**Task brief**: Copy out again, unchanged, the listing below from the line that has "#70=CIRCLE('',#69,144.731099373595);" through the line that has "#84=ORIENTED_EDGE('',*,*,#83,.F.);".

**Data to examine**:
---------------

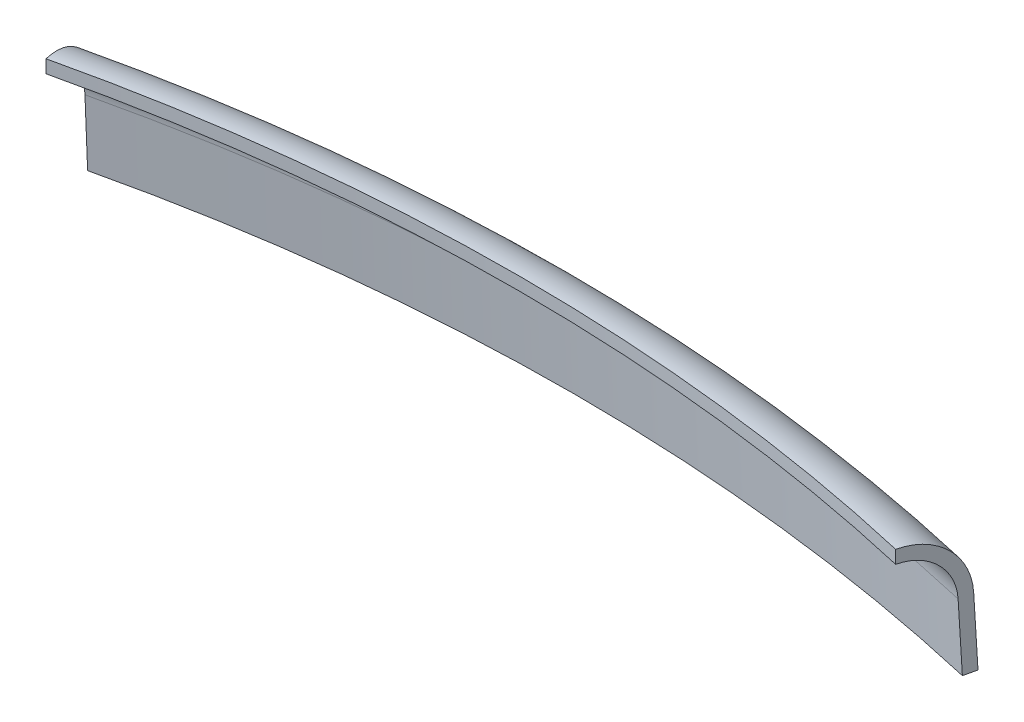
ISO-10303-21;
HEADER;
FILE_DESCRIPTION(('STEP AP214'),'2;1');
FILE_NAME('part.step','',(''),(''),'','','');
FILE_SCHEMA(('AUTOMOTIVE_DESIGN { 1 0 10303 214 1 1 1 1 }'));
ENDSEC;
DATA;
#1=APPLICATION_CONTEXT('core data for automotive mechanical design processes');
#2=APPLICATION_PROTOCOL_DEFINITION('international standard','automotive_design',2000,#1);
#3=PRODUCT_CONTEXT('',#1,'mechanical');
#4=PRODUCT('Part','Part','',(#3));
#5=PRODUCT_RELATED_PRODUCT_CATEGORY('part','',(#4));
#6=PRODUCT_DEFINITION_FORMATION('','',#4);
#7=PRODUCT_DEFINITION_CONTEXT('part definition',#1,'design');
#8=PRODUCT_DEFINITION('design','',#6,#7);
#9=PRODUCT_DEFINITION_SHAPE('','',#8);
#10=(LENGTH_UNIT() NAMED_UNIT(*) SI_UNIT(.MILLI.,.METRE.));
#11=(NAMED_UNIT(*) PLANE_ANGLE_UNIT() SI_UNIT($,.RADIAN.));
#12=(NAMED_UNIT(*) SI_UNIT($,.STERADIAN.) SOLID_ANGLE_UNIT());
#13=UNCERTAINTY_MEASURE_WITH_UNIT(LENGTH_MEASURE(1.E-05),#10,'distance_accuracy_value','');
#14=(GEOMETRIC_REPRESENTATION_CONTEXT(3) GLOBAL_UNCERTAINTY_ASSIGNED_CONTEXT((#13)) GLOBAL_UNIT_ASSIGNED_CONTEXT((#10,
#11,#12)) REPRESENTATION_CONTEXT('',''));
#15=CARTESIAN_POINT('',(0.,0.,0.));
#16=DIRECTION('',(0.,0.,1.));
#17=DIRECTION('',(1.,0.,0.));
#18=AXIS2_PLACEMENT_3D('',#15,#16,#17);
#19=CARTESIAN_POINT('',(0.,0.,0.));
#20=DIRECTION('',(0.,1.,0.));
#21=DIRECTION('',(0.,0.,1.));
#22=AXIS2_PLACEMENT_3D('',#19,#20,#21);
#23=PLANE('',#22);
#24=DIRECTION('',(0.225411918087087,0.,0.974263551193567));
#25=VECTOR('',#24,1.);
#26=CARTESIAN_POINT('',(-32.6241147166548,0.,-16.0062348438679));
#27=LINE('',#26,#25);
#28=CARTESIAN_POINT('',(-33.811787713063,0.,-21.1395326790351));
#29=VERTEX_POINT('',#28);
#30=CARTESIAN_POINT('',(-33.5860664518322,0.,-20.1639321011561));
#31=VERTEX_POINT('',#30);
#32=EDGE_CURVE('E130',#29,#31,#27,.T.);
#33=ORIENTED_EDGE('',*,*,#32,.F.);
#34=CARTESIAN_POINT('',(0.,0.,125.));
#35=DIRECTION('',(0.,1.,0.));
#36=DIRECTION('',(0.225411918087087,0.,-0.974263551193567));
#37=AXIS2_PLACEMENT_3D('',#34,#35,#36);
#38=CIRCLE('',#37,150.);
#39=CARTESIAN_POINT('',(33.811787713063,0.,-21.1395326790351));
#40=VERTEX_POINT('',#39);
#41=EDGE_CURVE('E125',#40,#29,#38,.T.);
#42=ORIENTED_EDGE('',*,*,#41,.F.);
#43=DIRECTION('',(-0.225411918087087,0.,0.974263551193567));
#44=VECTOR('',#43,1.);
#45=CARTESIAN_POINT('',(32.6241147166548,0.,-16.0062348438679));
#46=LINE('',#45,#44);
#47=CARTESIAN_POINT('',(33.5860664518322,0.,-20.1639321011561));
#48=VERTEX_POINT('',#47);
#49=EDGE_CURVE('E36',#40,#48,#46,.T.);
#50=ORIENTED_EDGE('',*,*,#49,.T.);
#51=CARTESIAN_POINT('',(0.,0.,125.));
#52=DIRECTION('',(0.,1.,0.));
#53=DIRECTION('',(0.225411918087086,0.,-0.974263551193567));
#54=AXIS2_PLACEMENT_3D('',#51,#52,#53);
#55=CIRCLE('',#54,148.998627654002);
#56=EDGE_CURVE('E11',#48,#31,#55,.T.);
#57=ORIENTED_EDGE('',*,*,#56,.T.);
#58=EDGE_LOOP('',(#33,#42,#50,#57));
#59=FACE_BOUND('',#58,.T.);
#60=ADVANCED_FACE('F33',(#59),#23,.F.);
#61=CARTESIAN_POINT('',(0.,0.,125.));
#62=DIRECTION('',(0.,-1.,0.));
#63=DIRECTION('',(0.,0.,1.));
#64=AXIS2_PLACEMENT_3D('',#61,#62,#63);
#65=CYLINDRICAL_SURFACE('',#64,144.731099373595);
#66=CARTESIAN_POINT('',(0.,10.,125.));
#67=DIRECTION('',(0.,1.,0.));
#68=DIRECTION('',(0.225411918087087,0.,-0.974263551193567));
#69=AXIS2_PLACEMENT_3D('',#66,#67,#68);
#70=CIRCLE('',#69,144.731099373595);
#71=CARTESIAN_POINT('',(32.6241147166548,10.,-16.0062348438679));
#72=VERTEX_POINT('',#71);
#73=CARTESIAN_POINT('',(-32.6241147166548,10.,-16.0062348438679));
#74=VERTEX_POINT('',#73);
#75=EDGE_CURVE('E112',#72,#74,#70,.T.);
#76=ORIENTED_EDGE('',*,*,#75,.T.);
#77=DIRECTION('',(0.,1.,0.));
#78=VECTOR('',#77,1.);
#79=CARTESIAN_POINT('',(-32.6241147166548,10.,-16.0062348438679));
#80=LINE('',#79,#78);
#81=CARTESIAN_POINT('',(-32.6241147166548,9.00000000000002,-16.0062348438679));
#82=VERTEX_POINT('',#81);
#83=EDGE_CURVE('E110',#82,#74,#80,.T.);
#84=ORIENTED_EDGE('',*,*,#83,.F.);
#85=CARTESIAN_POINT('',(0.,9.00000000000002,125.));
#86=DIRECTION('',(0.,1.,0.));
#87=DIRECTION('',(0.225411918087087,0.,-0.974263551193567));
#88=AXIS2_PLACEMENT_3D('',#85,#86,#87);
#89=CIRCLE('',#88,144.731099373595);
#90=CARTESIAN_POINT('',(32.6241147166548,9.00000000000002,-16.0062348438679));
#91=VERTEX_POINT('',#90);
#92=EDGE_CURVE('E92',#91,#82,#89,.T.);
#93=ORIENTED_EDGE('',*,*,#92,.F.);
#94=DIRECTION('',(0.,1.,0.));
#95=VECTOR('',#94,1.);
#96=CARTESIAN_POINT('',(32.6241147166548,10.,-16.0062348438679));
#97=LINE('',#96,#95);
#98=EDGE_CURVE('E103',#91,#72,#97,.T.);
#99=ORIENTED_EDGE('',*,*,#98,.T.);
#100=EDGE_LOOP('',(#76,#84,#93,#99));
#101=FACE_BOUND('',#100,.T.);
#102=ADVANCED_FACE('F142',(#101),#65,.F.);
#103=CARTESIAN_POINT('',(32.6241147166548,-5.,-16.0062348438679));
#104=DIRECTION('',(0.974263551193567,0.,0.225411918087087));
#105=DIRECTION('',(-0.225411918087087,0.,0.974263551193567));
#106=AXIS2_PLACEMENT_3D('',#103,#104,#105);
#107=PLANE('',#106);
#108=ORIENTED_EDGE('',*,*,#49,.F.);
#109=DIRECTION('',(0.0117971482816449,-0.998629534754574,-0.0509890145843663));
#110=VECTOR('',#109,1.);
#111=CARTESIAN_POINT('',(33.749629711092,5.26167978121472,-20.8708766281518));
#112=LINE('',#111,#110);
#113=CARTESIAN_POINT('',(33.749629711092,5.26167978121472,-20.8708766281518));
#114=VERTEX_POINT('',#113);
#115=EDGE_CURVE('E93',#114,#40,#112,.T.);
#116=ORIENTED_EDGE('',*,*,#115,.F.);
#117=CARTESIAN_POINT('',(32.6241147166548,5.,-16.0062348438679));
#118=DIRECTION('',(-0.974263551193567,0.,-0.225411918087087));
#119=DIRECTION('',(-0.225411918087087,0.,0.974263551193567));
#120=AXIS2_PLACEMENT_3D('',#117,#118,#119);
#121=CIRCLE('',#120,5.);
#122=EDGE_CURVE('E105',#72,#114,#121,.T.);
#123=ORIENTED_EDGE('',*,*,#122,.F.);
#124=ORIENTED_EDGE('',*,*,#98,.F.);
#125=CARTESIAN_POINT('',(32.6241147166548,5.,-16.0062348438679));
#126=DIRECTION('',(0.974263551193567,0.,0.225411918087087));
#127=DIRECTION('',(-0.225411918087087,0.,0.974263551193567));
#128=AXIS2_PLACEMENT_3D('',#125,#126,#127);
#129=CIRCLE('',#128,4.00000000000002);
#130=CARTESIAN_POINT('',(33.5245267122046,5.20934382497178,-19.897948271295));
#131=VERTEX_POINT('',#130);
#132=EDGE_CURVE('E87',#131,#91,#129,.T.);
#133=ORIENTED_EDGE('',*,*,#132,.F.);
#134=DIRECTION('',(-0.0117971482816442,0.998629534754574,0.0509890145843632));
#135=VECTOR('',#134,1.);
#136=CARTESIAN_POINT('',(33.5245267122046,5.20934382497178,-19.897948271295));
#137=LINE('',#136,#135);
#138=EDGE_CURVE('E96',#48,#131,#137,.T.);
#139=ORIENTED_EDGE('',*,*,#138,.F.);
#140=EDGE_LOOP('',(#108,#116,#123,#124,#133,#139));
#141=FACE_BOUND('',#140,.T.);
#142=ADVANCED_FACE('F100',(#141),#107,.T.);
#143=CARTESIAN_POINT('',(0.,5.,125.));
#144=DIRECTION('',(0.,-1.,0.));
#145=DIRECTION('',(0.,0.,1.));
#146=AXIS2_PLACEMENT_3D('',#143,#144,#145);
#147=TOROIDAL_SURFACE('',#146,144.731099373595,5.);
#148=CARTESIAN_POINT('',(0.,5.26167978121472,125.));
#149=DIRECTION('',(0.,1.,0.));
#150=DIRECTION('',(0.225411918087087,0.,-0.974263551193567));
#151=AXIS2_PLACEMENT_3D('',#148,#149,#150);
#152=CIRCLE('',#151,149.724247047368);
#153=CARTESIAN_POINT('',(-33.749629711092,5.26167978121472,-20.8708766281518));
#154=VERTEX_POINT('',#153);
#155=EDGE_CURVE('E118',#114,#154,#152,.T.);
#156=ORIENTED_EDGE('',*,*,#155,.T.);
#157=CARTESIAN_POINT('',(-32.6241147166548,5.,-16.0062348438679));
#158=DIRECTION('',(-0.974263551193567,0.,0.225411918087087));
#159=DIRECTION('',(0.225411918087087,0.,0.974263551193567));
#160=AXIS2_PLACEMENT_3D('',#157,#158,#159);
#161=CIRCLE('',#160,5.);
#162=EDGE_CURVE('E116',#74,#154,#161,.T.);
#163=ORIENTED_EDGE('',*,*,#162,.F.);
#164=ORIENTED_EDGE('',*,*,#75,.F.);
#165=ORIENTED_EDGE('',*,*,#122,.T.);
#166=EDGE_LOOP('',(#156,#163,#164,#165));
#167=FACE_BOUND('',#166,.T.);
#168=ADVANCED_FACE('F139',(#167),#147,.T.);
#169=CARTESIAN_POINT('',(-32.6241147166548,-5.,-16.0062348438679));
#170=DIRECTION('',(0.974263551193567,0.,-0.225411918087087));
#171=DIRECTION('',(0.225411918087087,0.,0.974263551193567));
#172=AXIS2_PLACEMENT_3D('',#169,#170,#171);
#173=PLANE('',#172);
#174=DIRECTION('',(-0.0117971482816449,-0.998629534754574,-0.0509890145843663));
#175=VECTOR('',#174,1.);
#176=CARTESIAN_POINT('',(-33.749629711092,5.26167978121472,-20.8708766281518));
#177=LINE('',#176,#175);
#178=EDGE_CURVE('E123',#154,#29,#177,.T.);
#179=ORIENTED_EDGE('',*,*,#178,.T.);
#180=ORIENTED_EDGE('',*,*,#32,.T.);
#181=DIRECTION('',(0.0117971482816442,0.998629534754574,0.0509890145843632));
#182=VECTOR('',#181,1.);
#183=CARTESIAN_POINT('',(-33.5245267122046,5.20934382497178,-19.897948271295));
#184=LINE('',#183,#182);
#185=CARTESIAN_POINT('',(-33.5245267122046,5.20934382497178,-19.897948271295));
#186=VERTEX_POINT('',#185);
#187=EDGE_CURVE('E111',#31,#186,#184,.T.);
#188=ORIENTED_EDGE('',*,*,#187,.T.);
#189=CARTESIAN_POINT('',(-32.6241147166548,5.,-16.0062348438679));
#190=DIRECTION('',(0.974263551193567,0.,-0.225411918087087));
#191=DIRECTION('',(0.225411918087087,0.,0.974263551193567));
#192=AXIS2_PLACEMENT_3D('',#189,#190,#191);
#193=CIRCLE('',#192,4.00000000000002);
#194=EDGE_CURVE('E90',#186,#82,#193,.T.);
#195=ORIENTED_EDGE('',*,*,#194,.T.);
#196=ORIENTED_EDGE('',*,*,#83,.T.);
#197=ORIENTED_EDGE('',*,*,#162,.T.);
#198=EDGE_LOOP('',(#179,#180,#188,#195,#196,#197));
#199=FACE_BOUND('',#198,.T.);
#200=ADVANCED_FACE('F143',(#199),#173,.F.);
#201=CARTESIAN_POINT('',(0.,5.26167978121472,125.));
#202=DIRECTION('',(0.,-1.,0.));
#203=DIRECTION('',(0.,0.,1.));
#204=AXIS2_PLACEMENT_3D('',#201,#202,#203);
#205=CONICAL_SURFACE('',#204,149.724247047368,0.052359877559834);
#206=ORIENTED_EDGE('',*,*,#41,.T.);
#207=ORIENTED_EDGE('',*,*,#178,.F.);
#208=ORIENTED_EDGE('',*,*,#155,.F.);
#209=ORIENTED_EDGE('',*,*,#115,.T.);
#210=EDGE_LOOP('',(#206,#207,#208,#209));
#211=FACE_BOUND('',#210,.T.);
#212=ADVANCED_FACE('F135',(#211),#205,.T.);
#213=CARTESIAN_POINT('',(0.,5.,125.));
#214=DIRECTION('',(0.,-1.,0.));
#215=DIRECTION('',(0.,0.,1.));
#216=AXIS2_PLACEMENT_3D('',#213,#214,#215);
#217=TOROIDAL_SURFACE('',#216,144.731099373595,4.00000000000002);
#218=ORIENTED_EDGE('',*,*,#92,.T.);
#219=ORIENTED_EDGE('',*,*,#194,.F.);
#220=CARTESIAN_POINT('',(0.,5.20934382497178,125.));
#221=DIRECTION('',(0.,1.,0.));
#222=DIRECTION('',(0.225411918087087,0.,-0.974263551193567));
#223=AXIS2_PLACEMENT_3D('',#220,#221,#222);
#224=CIRCLE('',#223,148.725617512614);
#225=EDGE_CURVE('E84',#131,#186,#224,.T.);
#226=ORIENTED_EDGE('',*,*,#225,.F.);
#227=ORIENTED_EDGE('',*,*,#132,.T.);
#228=EDGE_LOOP('',(#218,#219,#226,#227));
#229=FACE_BOUND('',#228,.T.);
#230=ADVANCED_FACE('F85',(#229),#217,.F.);
#231=CARTESIAN_POINT('',(0.,0.,125.));
#232=DIRECTION('',(0.,-1.,0.));
#233=DIRECTION('',(0.,0.,1.));
#234=AXIS2_PLACEMENT_3D('',#231,#232,#233);
#235=CONICAL_SURFACE('',#234,148.998627654002,0.0523598775598282);
#236=ORIENTED_EDGE('',*,*,#225,.T.);
#237=ORIENTED_EDGE('',*,*,#187,.F.);
#238=ORIENTED_EDGE('',*,*,#56,.F.);
#239=ORIENTED_EDGE('',*,*,#138,.T.);
#240=EDGE_LOOP('',(#236,#237,#238,#239));
#241=FACE_BOUND('',#240,.T.);
#242=ADVANCED_FACE('F97',(#241),#235,.F.);
#243=CLOSED_SHELL('',(#60,#102,#142,#168,#200,#212,#230,#242));
#244=MANIFOLD_SOLID_BREP('B2',#243);
#245=ADVANCED_BREP_SHAPE_REPRESENTATION('',(#18,#244),#14);
#246=SHAPE_DEFINITION_REPRESENTATION(#9,#245);
ENDSEC;
END-ISO-10303-21;

---------------

**Written solution**:
#70=CIRCLE('',#69,144.731099373595);
#71=CARTESIAN_POINT('',(32.6241147166548,10.,-16.0062348438679));
#72=VERTEX_POINT('',#71);
#73=CARTESIAN_POINT('',(-32.6241147166548,10.,-16.0062348438679));
#74=VERTEX_POINT('',#73);
#75=EDGE_CURVE('E112',#72,#74,#70,.T.);
#76=ORIENTED_EDGE('',*,*,#75,.T.);
#77=DIRECTION('',(0.,1.,0.));
#78=VECTOR('',#77,1.);
#79=CARTESIAN_POINT('',(-32.6241147166548,10.,-16.0062348438679));
#80=LINE('',#79,#78);
#81=CARTESIAN_POINT('',(-32.6241147166548,9.00000000000002,-16.0062348438679));
#82=VERTEX_POINT('',#81);
#83=EDGE_CURVE('E110',#82,#74,#80,.T.);
#84=ORIENTED_EDGE('',*,*,#83,.F.);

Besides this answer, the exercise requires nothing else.